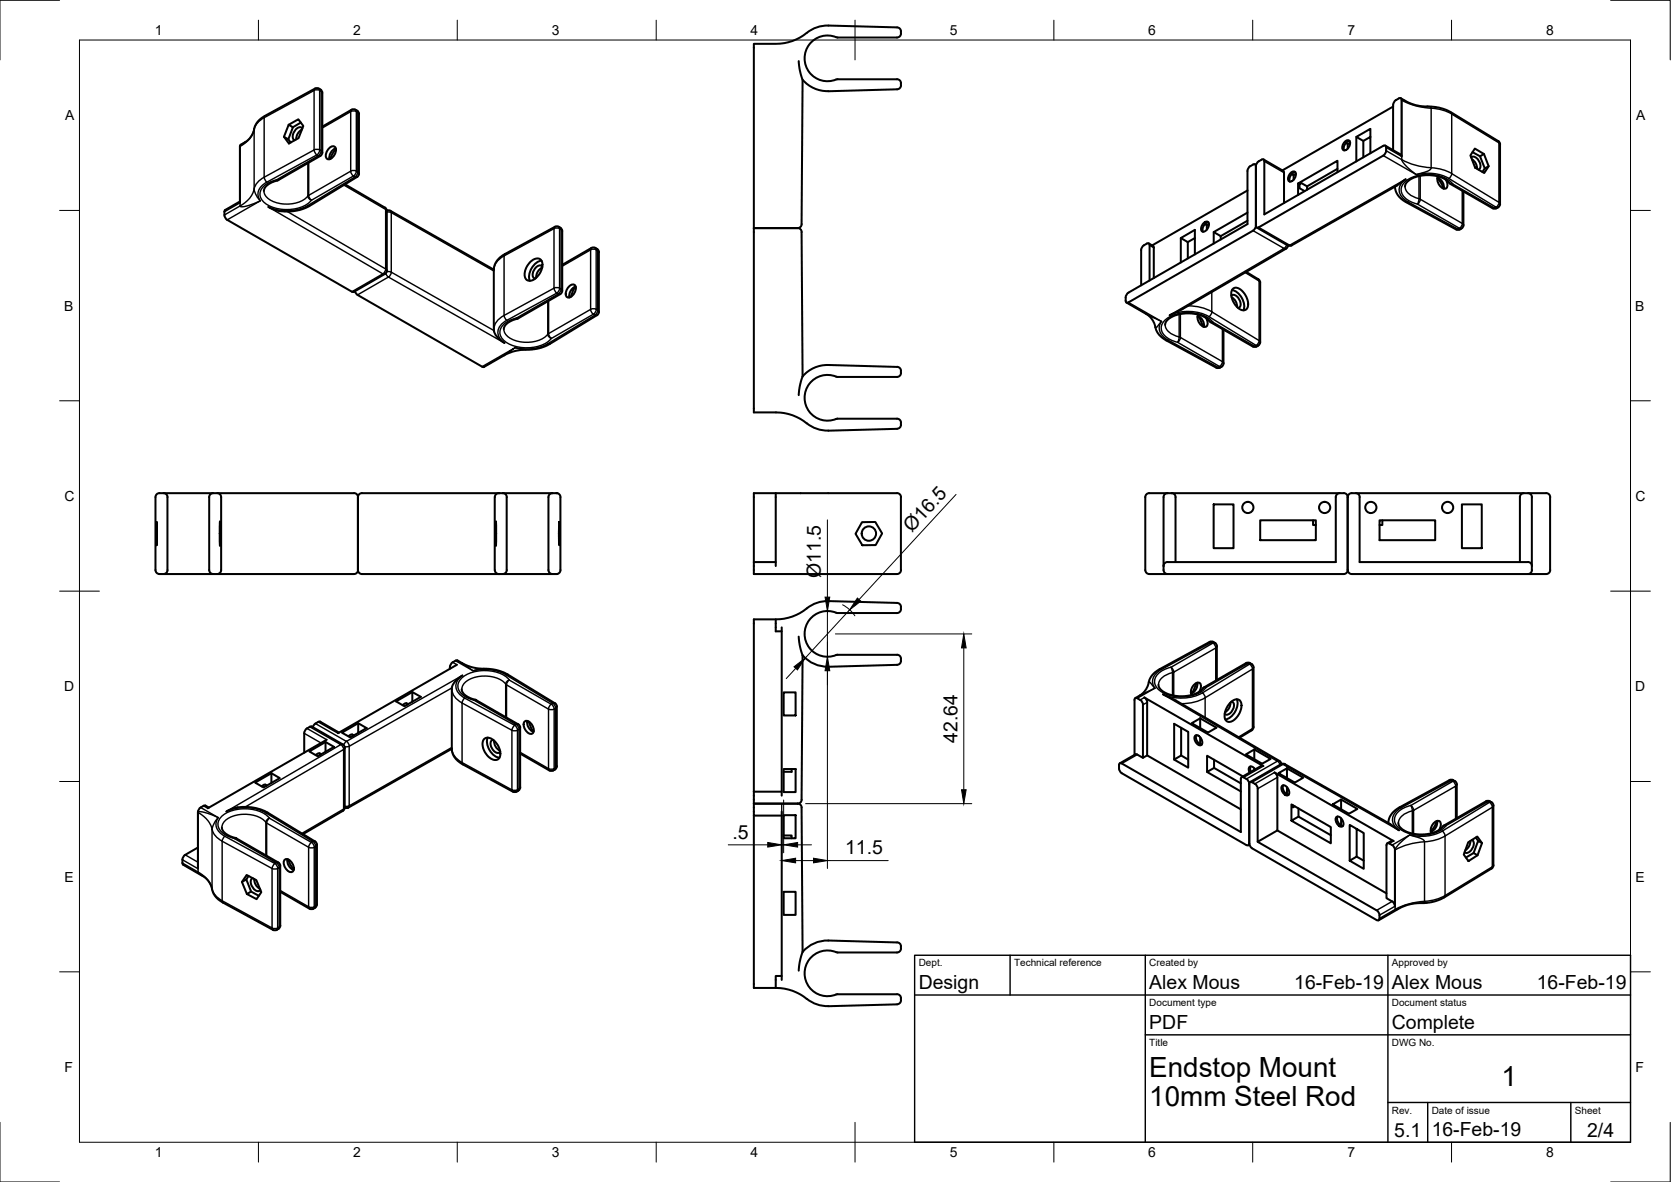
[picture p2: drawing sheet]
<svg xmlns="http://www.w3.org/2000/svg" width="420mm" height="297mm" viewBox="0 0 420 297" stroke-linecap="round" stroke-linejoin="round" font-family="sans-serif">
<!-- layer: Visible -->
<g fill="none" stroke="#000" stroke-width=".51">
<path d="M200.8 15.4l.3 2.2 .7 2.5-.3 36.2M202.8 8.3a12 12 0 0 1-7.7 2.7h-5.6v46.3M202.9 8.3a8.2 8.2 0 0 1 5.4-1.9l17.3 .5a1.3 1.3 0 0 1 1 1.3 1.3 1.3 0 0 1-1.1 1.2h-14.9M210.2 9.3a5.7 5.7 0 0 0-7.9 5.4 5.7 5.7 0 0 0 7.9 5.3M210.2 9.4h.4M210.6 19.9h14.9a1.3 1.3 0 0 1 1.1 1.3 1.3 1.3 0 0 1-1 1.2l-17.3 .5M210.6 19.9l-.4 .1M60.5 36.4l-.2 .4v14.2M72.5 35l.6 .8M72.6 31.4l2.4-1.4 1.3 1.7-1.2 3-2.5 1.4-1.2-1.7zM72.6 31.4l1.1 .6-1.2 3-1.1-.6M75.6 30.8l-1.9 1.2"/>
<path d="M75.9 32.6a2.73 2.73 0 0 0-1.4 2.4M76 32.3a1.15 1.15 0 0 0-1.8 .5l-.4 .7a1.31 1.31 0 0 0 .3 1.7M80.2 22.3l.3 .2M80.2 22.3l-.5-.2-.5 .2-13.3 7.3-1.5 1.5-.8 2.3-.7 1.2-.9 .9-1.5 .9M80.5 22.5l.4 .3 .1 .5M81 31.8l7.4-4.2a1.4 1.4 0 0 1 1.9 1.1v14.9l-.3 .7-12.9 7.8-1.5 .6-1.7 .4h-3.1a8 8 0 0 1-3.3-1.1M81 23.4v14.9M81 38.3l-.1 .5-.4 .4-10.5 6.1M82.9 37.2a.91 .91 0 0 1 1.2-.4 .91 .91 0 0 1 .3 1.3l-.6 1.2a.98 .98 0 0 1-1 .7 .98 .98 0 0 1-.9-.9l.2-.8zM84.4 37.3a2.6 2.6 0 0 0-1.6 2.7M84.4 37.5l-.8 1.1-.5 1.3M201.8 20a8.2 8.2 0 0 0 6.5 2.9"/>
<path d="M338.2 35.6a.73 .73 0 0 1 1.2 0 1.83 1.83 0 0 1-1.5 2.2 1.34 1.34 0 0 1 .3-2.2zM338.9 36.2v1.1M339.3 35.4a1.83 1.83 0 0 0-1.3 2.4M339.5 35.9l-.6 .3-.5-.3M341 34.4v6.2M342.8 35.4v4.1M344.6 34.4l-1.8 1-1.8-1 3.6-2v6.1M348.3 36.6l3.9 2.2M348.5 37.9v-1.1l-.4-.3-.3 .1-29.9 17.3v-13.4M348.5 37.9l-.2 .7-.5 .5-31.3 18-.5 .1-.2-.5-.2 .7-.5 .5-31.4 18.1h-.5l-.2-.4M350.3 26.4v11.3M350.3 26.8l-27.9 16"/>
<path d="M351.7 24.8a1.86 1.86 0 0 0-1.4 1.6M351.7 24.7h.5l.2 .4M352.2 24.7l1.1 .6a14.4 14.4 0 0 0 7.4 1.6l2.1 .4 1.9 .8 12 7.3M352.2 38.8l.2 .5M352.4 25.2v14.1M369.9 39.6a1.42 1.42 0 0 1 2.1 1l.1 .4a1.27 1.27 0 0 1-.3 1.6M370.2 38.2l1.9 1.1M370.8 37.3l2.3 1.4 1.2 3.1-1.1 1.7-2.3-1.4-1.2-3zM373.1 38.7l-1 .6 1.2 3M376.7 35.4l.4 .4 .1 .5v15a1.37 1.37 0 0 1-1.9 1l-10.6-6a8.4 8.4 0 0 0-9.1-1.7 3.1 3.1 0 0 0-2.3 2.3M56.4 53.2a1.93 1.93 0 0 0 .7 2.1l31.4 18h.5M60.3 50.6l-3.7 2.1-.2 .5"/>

=== Required work ===
A verbatim copy of the data, with all pictures omitted, is the required output.

=== Answer box ===
[picture p2: drawing sheet]
<svg xmlns="http://www.w3.org/2000/svg" width="420mm" height="297mm" viewBox="0 0 420 297" stroke-linecap="round" stroke-linejoin="round" font-family="sans-serif">
<!-- layer: Visible -->
<g fill="none" stroke="#000" stroke-width=".51">
<path d="M200.8 15.4l.3 2.2 .7 2.5-.3 36.2M202.8 8.3a12 12 0 0 1-7.7 2.7h-5.6v46.3M202.9 8.3a8.2 8.2 0 0 1 5.4-1.9l17.3 .5a1.3 1.3 0 0 1 1 1.3 1.3 1.3 0 0 1-1.1 1.2h-14.9M210.2 9.3a5.7 5.7 0 0 0-7.9 5.4 5.7 5.7 0 0 0 7.9 5.3M210.2 9.4h.4M210.6 19.9h14.9a1.3 1.3 0 0 1 1.1 1.3 1.3 1.3 0 0 1-1 1.2l-17.3 .5M210.6 19.9l-.4 .1M60.5 36.4l-.2 .4v14.2M72.5 35l.6 .8M72.6 31.4l2.4-1.4 1.3 1.7-1.2 3-2.5 1.4-1.2-1.7zM72.6 31.4l1.1 .6-1.2 3-1.1-.6M75.6 30.8l-1.9 1.2"/>
<path d="M75.9 32.6a2.73 2.73 0 0 0-1.4 2.4M76 32.3a1.15 1.15 0 0 0-1.8 .5l-.4 .7a1.31 1.31 0 0 0 .3 1.7M80.2 22.3l.3 .2M80.2 22.3l-.5-.2-.5 .2-13.3 7.3-1.5 1.5-.8 2.3-.7 1.2-.9 .9-1.5 .9M80.5 22.5l.4 .3 .1 .5M81 31.8l7.4-4.2a1.4 1.4 0 0 1 1.9 1.1v14.9l-.3 .7-12.9 7.8-1.5 .6-1.7 .4h-3.1a8 8 0 0 1-3.3-1.1M81 23.4v14.9M81 38.3l-.1 .5-.4 .4-10.5 6.1M82.9 37.2a.91 .91 0 0 1 1.2-.4 .91 .91 0 0 1 .3 1.3l-.6 1.2a.98 .98 0 0 1-1 .7 .98 .98 0 0 1-.9-.9l.2-.8zM84.4 37.3a2.6 2.6 0 0 0-1.6 2.7M84.4 37.5l-.8 1.1-.5 1.3M201.8 20a8.2 8.2 0 0 0 6.5 2.9"/>
<path d="M338.2 35.6a.73 .73 0 0 1 1.2 0 1.83 1.83 0 0 1-1.5 2.2 1.34 1.34 0 0 1 .3-2.2zM338.9 36.2v1.1M339.3 35.4a1.83 1.83 0 0 0-1.3 2.4M339.5 35.9l-.6 .3-.5-.3M341 34.4v6.2M342.8 35.4v4.1M344.6 34.4l-1.8 1-1.8-1 3.6-2v6.1M348.3 36.6l3.9 2.2M348.5 37.9v-1.1l-.4-.3-.3 .1-29.9 17.3v-13.4M348.5 37.9l-.2 .7-.5 .5-31.3 18-.5 .1-.2-.5-.2 .7-.5 .5-31.4 18.1h-.5l-.2-.4M350.3 26.4v11.3M350.3 26.8l-27.9 16"/>
<path d="M351.7 24.8a1.86 1.86 0 0 0-1.4 1.6M351.7 24.7h.5l.2 .4M352.2 24.7l1.1 .6a14.4 14.4 0 0 0 7.4 1.6l2.1 .4 1.9 .8 12 7.3M352.2 38.8l.2 .5M352.4 25.2v14.1M369.9 39.6a1.42 1.42 0 0 1 2.1 1l.1 .4a1.27 1.27 0 0 1-.3 1.6M370.2 38.2l1.9 1.1M370.8 37.3l2.3 1.4 1.2 3.1-1.1 1.7-2.3-1.4-1.2-3zM373.1 38.7l-1 .6 1.2 3M376.7 35.4l.4 .4 .1 .5v15a1.37 1.37 0 0 1-1.9 1l-10.6-6a8.4 8.4 0 0 0-9.1-1.7 3.1 3.1 0 0 0-2.3 2.3M56.4 53.2a1.93 1.93 0 0 0 .7 2.1l31.4 18h.5M60.3 50.6l-3.7 2.1-.2 .5"/>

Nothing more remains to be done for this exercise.